→ WORK ORDER: Look in the material below for the line holding "Rectangle(F2_W, F2_H)". Set it down exactly, with each later line up to and including the line holding "extrude(amount=F7_DEPTH)".

→ DATA SUPPLIED:
= Beginning of Section =
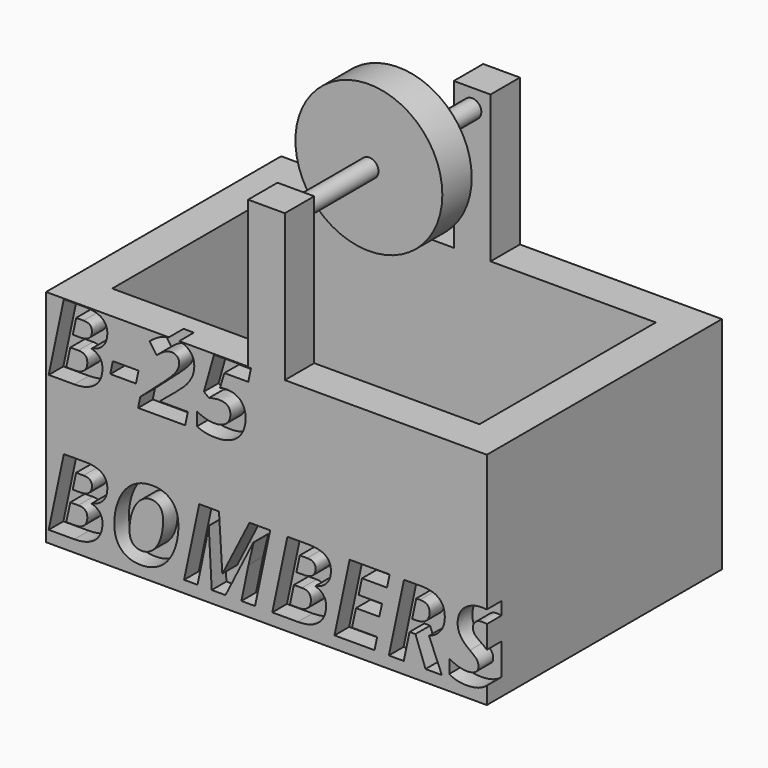
from build123d import *

# Parameters (mm, degrees)
F0_W          = 152.4
F0_H          = 76.2
F1_DEPTH      = 101.6
F2_W          = 127
F2_H          = 76.2
F3_DEPTH      = 63.5
F4_W          = 90.9743383527
F4_H          = 43.2646684349
F5_DEPTH      = 127
F6_W          = 12.7
F6_H          = 12.7
F7_DEPTH      = 50.8
F8_R          = 3.175
F9_DEPTH      = 101.6
F11_R         = 25.4
F12_DEPTH     = 6.35
F15_TEXT_SIZE = 34.6716756447
F16_DEPTH     = 6.35


# Not quite as in the source:
# - the program builds the solid bodies; features that only make, move or delete a surface that nothing else refers to are left out
# - Text() gives the source's letters only with a copy of the font that has no kerning and outlines rounded to 1/6400 em; it was checked with that copy


with BuildPart() as f1:
    # F0 (on Front) → F1 (new body)
    with BuildSketch(Plane.XZ):
        with Locations((-3.6829989403, -13.9763858854)):
            Rectangle(F0_W, F0_H)
    extrude(amount=-F1_DEPTH)

    # F2 (on face) → F3 (cut)
    with BuildSketch(Plane.XY.offset(24.1236141146)):
        with Locations((-3.6829989403, 50.8)):
            Rectangle(F2_W, F2_H)
    extrude(amount=-F3_DEPTH, mode=Mode.SUBTRACT)

    # F4 (on face) → F5 (cut)
    with BuildSketch(Plane.XY.offset(-39.3763858854)):
        with Locations((0.2328343689, 50.1861665398)):
            Rectangle(F4_W, F4_H)
    extrude(amount=-F5_DEPTH, mode=Mode.SUBTRACT)

    # F6 (on face) → F7 (join)
    with BuildSketch(Plane.XY.offset(24.1236141146)):
        with Locations((-3.6829989403, 95.25)):
            Rectangle(F6_W, F6_H)
        with Locations((-3.6829989403, 6.35)):
            Rectangle(F6_W, F6_H)
    extrude(amount=F7_DEPTH)

    # F8 (on face) → F9 (join)
    with BuildSketch(Plane(origin=(0, 101.6, 0), x_dir=(-1, 0, 0), z_dir=(0, 1, 0))):
        with Locations((3.6829989403, 68.5736141146)):
            Circle(F8_R)
    extrude(amount=-F9_DEPTH)

    # F11 (on offset) → F12 (join, symmetric)
    with BuildSketch(Plane.XZ.offset(-50.8)):
        with Locations((-3.8320308086, 68.6379745603)):
            Circle(F11_R)
    extrude(amount=F12_DEPTH, both=True)

    # F15 (on face) → F16 (cut)
    with BuildSketch(Plane.XZ):
        with Locations((-79.8829989403, -0.8399923495)):
            Text('B-25', F15_TEXT_SIZE, font='Open Sans', font_style=FontStyle.BOLDITALIC, text_align=(TextAlign.LEFT, TextAlign.BOTTOM))
        with Locations((-79.8829989403, -47.9934712263)):
            Text('BOMBERS', F15_TEXT_SIZE, font='Open Sans', font_style=FontStyle.BOLDITALIC, text_align=(TextAlign.LEFT, TextAlign.BOTTOM))
    extrude(amount=-F16_DEPTH, mode=Mode.SUBTRACT)


solid = f1.part
= End of Section =
→ ANSWER:
            Rectangle(F2_W, F2_H)
    extrude(amount=-F3_DEPTH, mode=Mode.SUBTRACT)

    # F4 (on face) → F5 (cut)
    with BuildSketch(Plane.XY.offset(-39.3763858854)):
        with Locations((0.2328343689, 50.1861665398)):
            Rectangle(F4_W, F4_H)
    extrude(amount=-F5_DEPTH, mode=Mode.SUBTRACT)

    # F6 (on face) → F7 (join)
    with BuildSketch(Plane.XY.offset(24.1236141146)):
        with Locations((-3.6829989403, 95.25)):
            Rectangle(F6_W, F6_H)
        with Locations((-3.6829989403, 6.35)):
            Rectangle(F6_W, F6_H)
    extrude(amount=F7_DEPTH)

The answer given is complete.